> **GIVEN RECORDS**
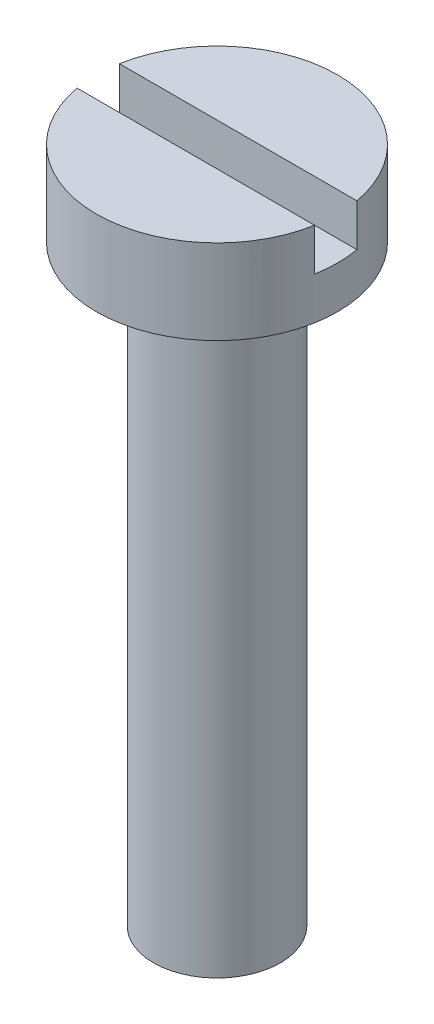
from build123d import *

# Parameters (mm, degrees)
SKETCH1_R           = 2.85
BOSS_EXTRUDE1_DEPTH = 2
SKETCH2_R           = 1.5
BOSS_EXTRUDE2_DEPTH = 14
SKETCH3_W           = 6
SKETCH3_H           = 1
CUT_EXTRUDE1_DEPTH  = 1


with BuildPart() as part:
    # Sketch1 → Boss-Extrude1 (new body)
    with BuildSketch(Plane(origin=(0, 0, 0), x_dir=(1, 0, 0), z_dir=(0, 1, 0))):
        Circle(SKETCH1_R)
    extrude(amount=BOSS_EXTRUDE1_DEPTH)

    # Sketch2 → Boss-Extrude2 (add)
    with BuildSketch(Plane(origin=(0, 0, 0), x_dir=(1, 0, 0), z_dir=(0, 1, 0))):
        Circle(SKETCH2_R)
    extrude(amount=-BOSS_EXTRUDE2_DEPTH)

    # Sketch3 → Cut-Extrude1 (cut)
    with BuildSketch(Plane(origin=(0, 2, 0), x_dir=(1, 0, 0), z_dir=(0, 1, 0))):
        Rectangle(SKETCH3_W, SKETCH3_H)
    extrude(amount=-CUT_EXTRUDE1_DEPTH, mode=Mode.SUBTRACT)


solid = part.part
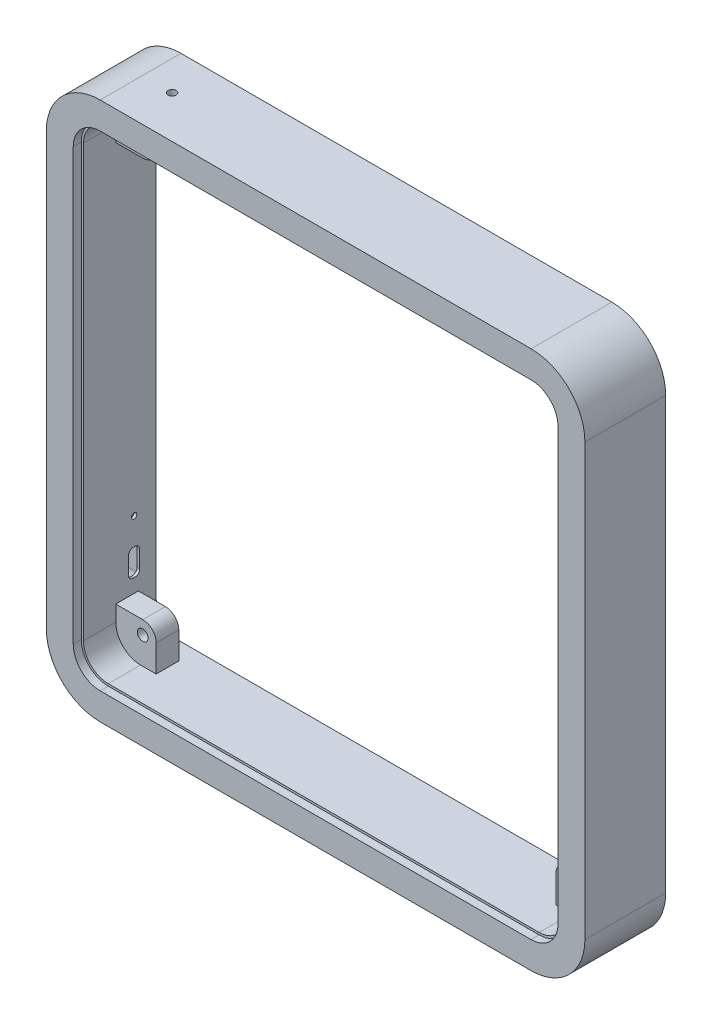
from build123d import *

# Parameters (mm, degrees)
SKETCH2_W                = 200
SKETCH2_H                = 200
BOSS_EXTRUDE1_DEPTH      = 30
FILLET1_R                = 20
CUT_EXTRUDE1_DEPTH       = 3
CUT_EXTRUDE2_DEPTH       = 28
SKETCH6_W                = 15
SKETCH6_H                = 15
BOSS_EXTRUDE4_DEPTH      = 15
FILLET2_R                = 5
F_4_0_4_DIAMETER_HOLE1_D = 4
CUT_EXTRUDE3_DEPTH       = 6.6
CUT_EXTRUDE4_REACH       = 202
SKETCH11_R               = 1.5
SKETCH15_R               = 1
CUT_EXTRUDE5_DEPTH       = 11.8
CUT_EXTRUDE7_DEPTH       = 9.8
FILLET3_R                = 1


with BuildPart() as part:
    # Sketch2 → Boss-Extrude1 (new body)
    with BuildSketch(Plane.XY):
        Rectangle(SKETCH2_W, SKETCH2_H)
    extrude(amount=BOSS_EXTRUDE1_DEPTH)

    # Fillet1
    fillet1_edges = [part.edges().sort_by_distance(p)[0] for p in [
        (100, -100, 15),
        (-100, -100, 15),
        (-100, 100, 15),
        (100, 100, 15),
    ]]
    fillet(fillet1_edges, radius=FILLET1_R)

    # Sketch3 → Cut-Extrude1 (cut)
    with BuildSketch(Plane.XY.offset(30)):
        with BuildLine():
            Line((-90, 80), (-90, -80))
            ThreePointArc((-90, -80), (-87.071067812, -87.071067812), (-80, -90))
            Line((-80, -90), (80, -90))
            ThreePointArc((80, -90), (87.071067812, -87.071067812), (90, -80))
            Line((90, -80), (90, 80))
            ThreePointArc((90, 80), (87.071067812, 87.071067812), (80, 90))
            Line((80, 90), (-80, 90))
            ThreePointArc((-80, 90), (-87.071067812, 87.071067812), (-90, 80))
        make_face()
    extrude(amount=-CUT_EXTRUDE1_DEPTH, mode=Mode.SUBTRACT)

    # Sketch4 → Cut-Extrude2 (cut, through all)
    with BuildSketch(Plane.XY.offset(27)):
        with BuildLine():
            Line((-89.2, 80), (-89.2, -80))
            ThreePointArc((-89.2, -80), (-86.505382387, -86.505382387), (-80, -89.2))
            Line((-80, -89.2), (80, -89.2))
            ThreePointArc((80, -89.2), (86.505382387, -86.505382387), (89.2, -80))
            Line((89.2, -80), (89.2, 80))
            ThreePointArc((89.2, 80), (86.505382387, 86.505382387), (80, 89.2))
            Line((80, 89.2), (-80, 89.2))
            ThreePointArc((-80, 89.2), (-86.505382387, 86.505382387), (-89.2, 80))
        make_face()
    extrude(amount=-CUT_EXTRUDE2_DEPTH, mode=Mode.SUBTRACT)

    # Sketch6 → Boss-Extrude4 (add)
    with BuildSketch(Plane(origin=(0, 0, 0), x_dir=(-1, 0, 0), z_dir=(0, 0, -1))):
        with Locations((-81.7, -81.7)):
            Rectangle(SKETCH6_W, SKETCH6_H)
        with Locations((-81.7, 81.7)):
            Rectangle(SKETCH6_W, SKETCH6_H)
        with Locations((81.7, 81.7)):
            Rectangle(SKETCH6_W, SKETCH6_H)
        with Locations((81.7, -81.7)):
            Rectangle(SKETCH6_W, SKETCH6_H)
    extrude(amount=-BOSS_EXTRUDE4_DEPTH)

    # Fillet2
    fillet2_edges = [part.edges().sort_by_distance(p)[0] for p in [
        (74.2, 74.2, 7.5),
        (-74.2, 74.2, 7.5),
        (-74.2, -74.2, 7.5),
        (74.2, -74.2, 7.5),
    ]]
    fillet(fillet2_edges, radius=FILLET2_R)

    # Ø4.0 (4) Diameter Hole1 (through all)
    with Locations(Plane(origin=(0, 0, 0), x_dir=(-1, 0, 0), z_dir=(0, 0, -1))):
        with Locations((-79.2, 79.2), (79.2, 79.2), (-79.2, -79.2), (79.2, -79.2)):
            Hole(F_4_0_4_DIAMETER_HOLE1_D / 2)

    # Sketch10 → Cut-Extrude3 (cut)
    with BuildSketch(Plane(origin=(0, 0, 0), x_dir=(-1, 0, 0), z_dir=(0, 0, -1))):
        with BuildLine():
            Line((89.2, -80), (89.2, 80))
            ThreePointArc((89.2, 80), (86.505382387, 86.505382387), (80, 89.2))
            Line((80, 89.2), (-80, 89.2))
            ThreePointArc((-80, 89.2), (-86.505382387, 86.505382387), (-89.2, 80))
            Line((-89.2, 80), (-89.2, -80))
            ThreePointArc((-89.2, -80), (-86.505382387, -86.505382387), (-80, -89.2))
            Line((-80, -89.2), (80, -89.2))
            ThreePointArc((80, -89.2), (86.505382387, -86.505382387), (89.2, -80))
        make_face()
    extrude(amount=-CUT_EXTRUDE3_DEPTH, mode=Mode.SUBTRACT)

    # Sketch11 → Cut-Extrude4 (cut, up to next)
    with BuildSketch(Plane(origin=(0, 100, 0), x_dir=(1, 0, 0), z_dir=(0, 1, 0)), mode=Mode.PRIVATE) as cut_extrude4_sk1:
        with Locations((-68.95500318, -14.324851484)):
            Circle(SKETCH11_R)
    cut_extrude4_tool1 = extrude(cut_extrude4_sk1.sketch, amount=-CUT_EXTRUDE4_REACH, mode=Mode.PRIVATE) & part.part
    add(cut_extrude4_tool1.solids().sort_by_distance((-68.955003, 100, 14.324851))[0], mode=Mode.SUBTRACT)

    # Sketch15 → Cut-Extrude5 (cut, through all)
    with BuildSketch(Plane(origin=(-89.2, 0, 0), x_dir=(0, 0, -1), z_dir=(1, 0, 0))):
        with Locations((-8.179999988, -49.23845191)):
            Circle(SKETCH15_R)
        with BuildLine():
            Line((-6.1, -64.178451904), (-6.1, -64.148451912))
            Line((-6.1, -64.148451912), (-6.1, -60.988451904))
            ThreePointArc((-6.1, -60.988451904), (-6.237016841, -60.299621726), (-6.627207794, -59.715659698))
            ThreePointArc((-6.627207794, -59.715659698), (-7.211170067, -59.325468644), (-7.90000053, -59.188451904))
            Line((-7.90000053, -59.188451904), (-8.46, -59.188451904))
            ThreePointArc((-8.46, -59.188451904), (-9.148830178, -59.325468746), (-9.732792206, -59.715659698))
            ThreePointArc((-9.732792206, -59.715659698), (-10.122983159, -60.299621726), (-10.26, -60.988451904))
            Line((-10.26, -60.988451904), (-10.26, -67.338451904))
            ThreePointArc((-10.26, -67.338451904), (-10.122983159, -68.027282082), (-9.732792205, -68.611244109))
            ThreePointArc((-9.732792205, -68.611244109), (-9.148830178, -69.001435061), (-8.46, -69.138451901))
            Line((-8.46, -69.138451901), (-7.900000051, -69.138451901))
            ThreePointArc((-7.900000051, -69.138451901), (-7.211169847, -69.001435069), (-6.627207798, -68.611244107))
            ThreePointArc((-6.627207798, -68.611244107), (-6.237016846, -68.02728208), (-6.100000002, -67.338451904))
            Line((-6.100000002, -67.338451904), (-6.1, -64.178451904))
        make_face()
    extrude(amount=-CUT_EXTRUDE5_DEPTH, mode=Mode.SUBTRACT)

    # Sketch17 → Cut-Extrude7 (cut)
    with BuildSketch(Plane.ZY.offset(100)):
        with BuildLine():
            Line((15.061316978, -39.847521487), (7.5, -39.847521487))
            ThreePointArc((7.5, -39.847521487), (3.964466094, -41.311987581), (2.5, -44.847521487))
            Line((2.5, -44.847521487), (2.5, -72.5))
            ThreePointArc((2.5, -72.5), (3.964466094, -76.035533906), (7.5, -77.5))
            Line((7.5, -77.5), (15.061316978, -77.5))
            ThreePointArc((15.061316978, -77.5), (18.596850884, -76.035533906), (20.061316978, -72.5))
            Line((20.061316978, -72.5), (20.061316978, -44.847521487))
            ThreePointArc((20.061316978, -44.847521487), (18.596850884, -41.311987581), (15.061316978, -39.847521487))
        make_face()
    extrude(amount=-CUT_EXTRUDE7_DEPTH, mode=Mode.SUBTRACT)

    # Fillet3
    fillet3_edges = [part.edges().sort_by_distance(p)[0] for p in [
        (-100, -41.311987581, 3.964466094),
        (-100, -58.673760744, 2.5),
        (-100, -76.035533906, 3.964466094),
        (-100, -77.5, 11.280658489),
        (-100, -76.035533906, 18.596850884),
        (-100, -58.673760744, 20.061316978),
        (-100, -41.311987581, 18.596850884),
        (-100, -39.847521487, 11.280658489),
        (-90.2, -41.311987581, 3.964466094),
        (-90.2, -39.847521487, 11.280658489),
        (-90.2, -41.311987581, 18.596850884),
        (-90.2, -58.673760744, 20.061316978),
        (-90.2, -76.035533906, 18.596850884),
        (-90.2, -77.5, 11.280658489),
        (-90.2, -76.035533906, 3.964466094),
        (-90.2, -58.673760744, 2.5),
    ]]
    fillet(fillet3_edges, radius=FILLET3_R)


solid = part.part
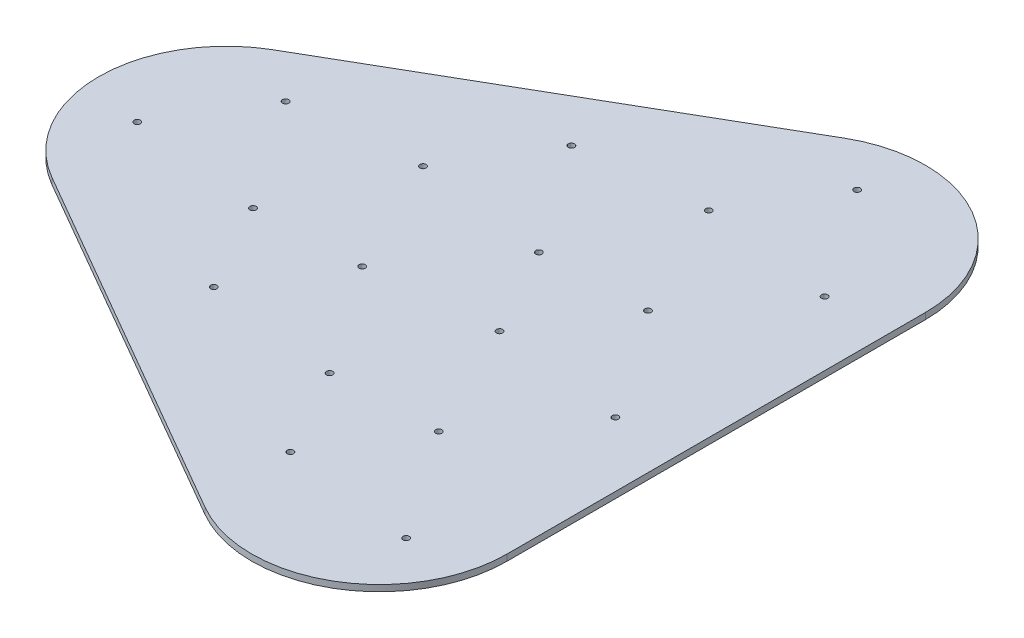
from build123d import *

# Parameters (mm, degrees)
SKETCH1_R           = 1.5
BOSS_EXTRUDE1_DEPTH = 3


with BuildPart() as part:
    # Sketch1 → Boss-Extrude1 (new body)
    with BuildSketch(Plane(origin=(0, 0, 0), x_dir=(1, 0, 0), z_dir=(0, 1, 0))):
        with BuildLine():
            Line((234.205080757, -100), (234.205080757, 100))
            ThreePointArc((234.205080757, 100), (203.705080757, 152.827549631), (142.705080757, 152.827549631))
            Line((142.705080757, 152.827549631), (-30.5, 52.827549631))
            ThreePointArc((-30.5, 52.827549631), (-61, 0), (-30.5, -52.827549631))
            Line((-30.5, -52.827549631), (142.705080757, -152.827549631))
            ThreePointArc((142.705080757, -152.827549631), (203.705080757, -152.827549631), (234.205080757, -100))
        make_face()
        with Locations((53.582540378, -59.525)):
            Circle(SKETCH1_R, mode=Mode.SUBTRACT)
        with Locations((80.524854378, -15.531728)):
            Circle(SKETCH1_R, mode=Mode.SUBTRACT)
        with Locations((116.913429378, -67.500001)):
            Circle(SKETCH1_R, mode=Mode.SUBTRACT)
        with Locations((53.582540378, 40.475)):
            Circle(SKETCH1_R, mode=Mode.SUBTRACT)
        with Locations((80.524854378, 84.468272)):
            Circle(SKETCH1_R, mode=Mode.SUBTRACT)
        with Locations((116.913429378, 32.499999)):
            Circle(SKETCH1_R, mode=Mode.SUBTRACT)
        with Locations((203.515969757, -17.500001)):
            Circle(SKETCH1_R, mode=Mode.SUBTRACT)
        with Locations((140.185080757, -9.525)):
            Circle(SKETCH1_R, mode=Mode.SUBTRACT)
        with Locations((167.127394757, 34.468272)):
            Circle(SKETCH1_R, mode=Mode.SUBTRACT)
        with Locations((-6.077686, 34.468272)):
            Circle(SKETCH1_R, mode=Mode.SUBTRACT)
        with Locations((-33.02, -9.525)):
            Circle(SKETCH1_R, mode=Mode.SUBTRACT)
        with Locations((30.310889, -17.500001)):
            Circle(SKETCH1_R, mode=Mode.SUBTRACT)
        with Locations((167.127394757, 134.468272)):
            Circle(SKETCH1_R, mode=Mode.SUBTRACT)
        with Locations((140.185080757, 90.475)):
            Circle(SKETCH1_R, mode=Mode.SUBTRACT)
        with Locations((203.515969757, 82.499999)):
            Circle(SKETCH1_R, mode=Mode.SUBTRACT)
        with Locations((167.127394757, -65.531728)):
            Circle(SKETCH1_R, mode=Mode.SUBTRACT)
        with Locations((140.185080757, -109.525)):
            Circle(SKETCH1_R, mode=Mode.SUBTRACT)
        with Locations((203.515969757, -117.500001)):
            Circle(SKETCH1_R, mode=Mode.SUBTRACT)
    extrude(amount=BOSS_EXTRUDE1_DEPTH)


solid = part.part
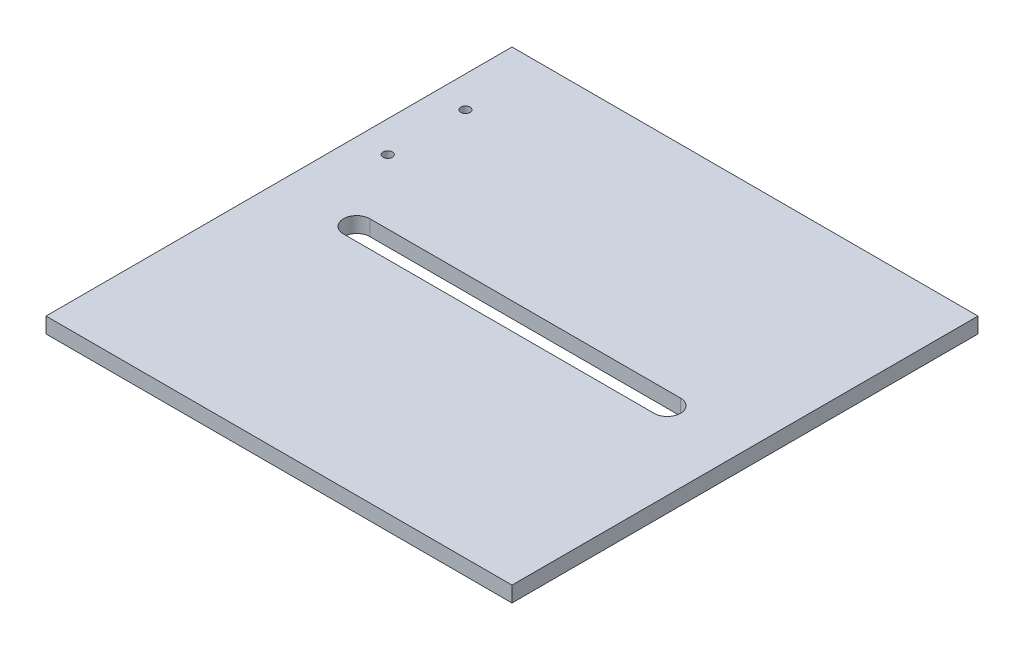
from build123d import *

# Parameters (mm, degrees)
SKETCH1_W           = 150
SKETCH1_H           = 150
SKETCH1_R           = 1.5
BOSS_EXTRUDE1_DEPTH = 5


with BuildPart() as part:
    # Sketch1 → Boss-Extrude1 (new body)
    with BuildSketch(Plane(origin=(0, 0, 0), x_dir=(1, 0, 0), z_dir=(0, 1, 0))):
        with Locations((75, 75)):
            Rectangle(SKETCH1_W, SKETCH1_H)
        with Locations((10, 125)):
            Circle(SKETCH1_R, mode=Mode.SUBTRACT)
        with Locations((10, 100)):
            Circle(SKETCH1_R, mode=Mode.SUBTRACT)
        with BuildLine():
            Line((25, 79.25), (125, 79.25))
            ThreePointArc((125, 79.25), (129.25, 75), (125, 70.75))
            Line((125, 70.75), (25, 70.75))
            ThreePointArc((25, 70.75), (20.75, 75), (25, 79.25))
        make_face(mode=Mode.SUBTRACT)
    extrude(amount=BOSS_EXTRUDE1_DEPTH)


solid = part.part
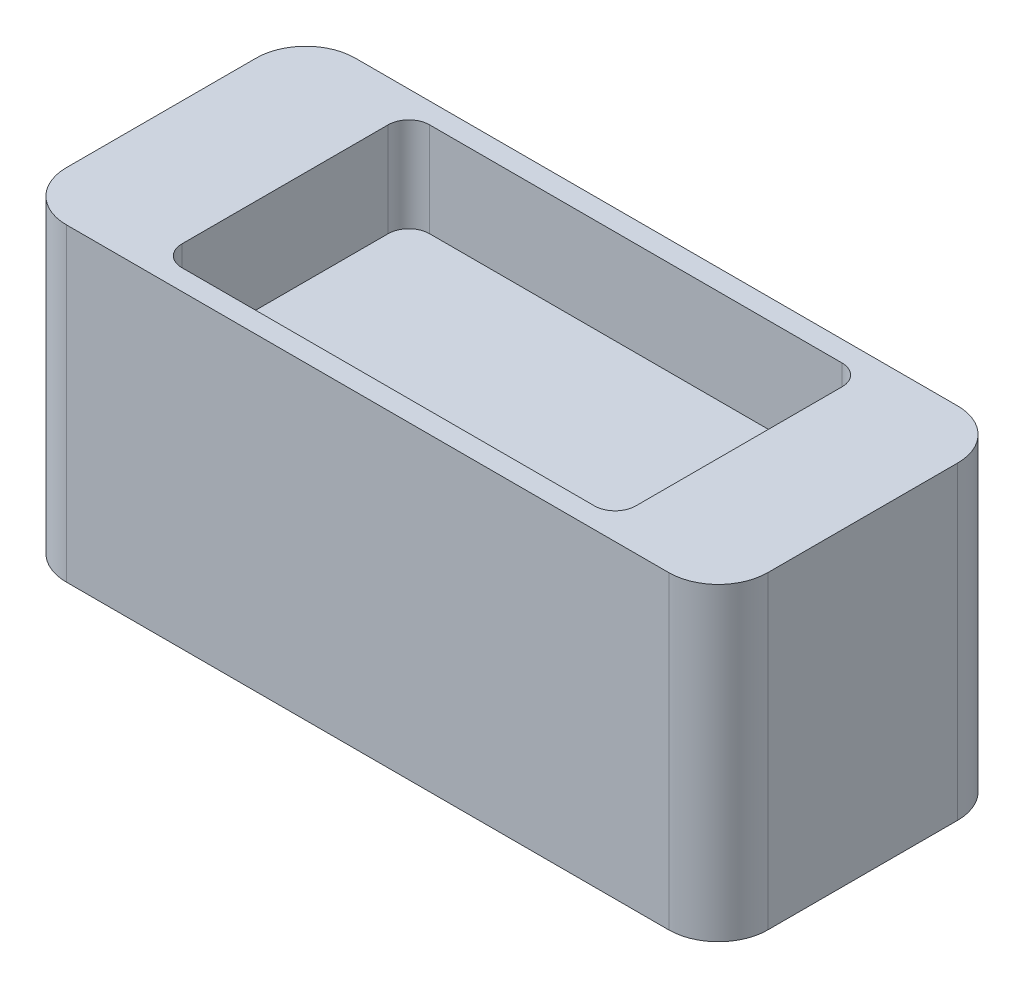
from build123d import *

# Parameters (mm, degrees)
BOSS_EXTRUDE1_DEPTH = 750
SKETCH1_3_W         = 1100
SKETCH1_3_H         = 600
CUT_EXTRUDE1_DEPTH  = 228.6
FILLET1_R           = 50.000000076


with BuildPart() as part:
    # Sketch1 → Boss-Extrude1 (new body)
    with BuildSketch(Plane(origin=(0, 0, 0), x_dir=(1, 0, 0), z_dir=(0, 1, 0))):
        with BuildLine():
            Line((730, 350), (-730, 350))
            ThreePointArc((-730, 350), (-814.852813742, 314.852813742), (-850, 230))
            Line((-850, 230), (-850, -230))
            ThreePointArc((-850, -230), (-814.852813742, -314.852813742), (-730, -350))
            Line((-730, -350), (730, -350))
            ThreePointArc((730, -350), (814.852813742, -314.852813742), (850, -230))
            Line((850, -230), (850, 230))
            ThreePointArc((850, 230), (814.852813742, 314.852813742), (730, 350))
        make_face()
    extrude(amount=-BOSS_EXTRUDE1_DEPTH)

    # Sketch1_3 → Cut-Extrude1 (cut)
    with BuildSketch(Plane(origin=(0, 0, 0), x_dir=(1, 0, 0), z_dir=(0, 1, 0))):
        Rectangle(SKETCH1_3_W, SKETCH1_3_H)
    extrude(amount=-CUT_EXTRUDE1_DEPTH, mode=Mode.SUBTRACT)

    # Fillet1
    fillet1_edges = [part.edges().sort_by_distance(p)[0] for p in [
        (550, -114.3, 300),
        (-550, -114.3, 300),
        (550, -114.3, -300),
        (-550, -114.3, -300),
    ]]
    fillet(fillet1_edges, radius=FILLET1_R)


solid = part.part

> **WHAT NEEDS TO BE DONE**
Only the lines above from the line with "Line((-6.1, -64.148451912), (-6.1, -60.988451904))" to the line with "-59.325468644), (-7.90000053, -59.188451904))", those two lines included, should be reproduced exactly.

> **FINISHED TASK**
            Line((-6.1, -64.148451912), (-6.1, -60.988451904))
            ThreePointArc((-6.1, -60.988451904), (-6.237016841, -60.299621726), (-6.627207794, -59.715659698))
            ThreePointArc((-6.627207794, -59.715659698), (-7.211170067, -59.325468644), (-7.90000053, -59.188451904))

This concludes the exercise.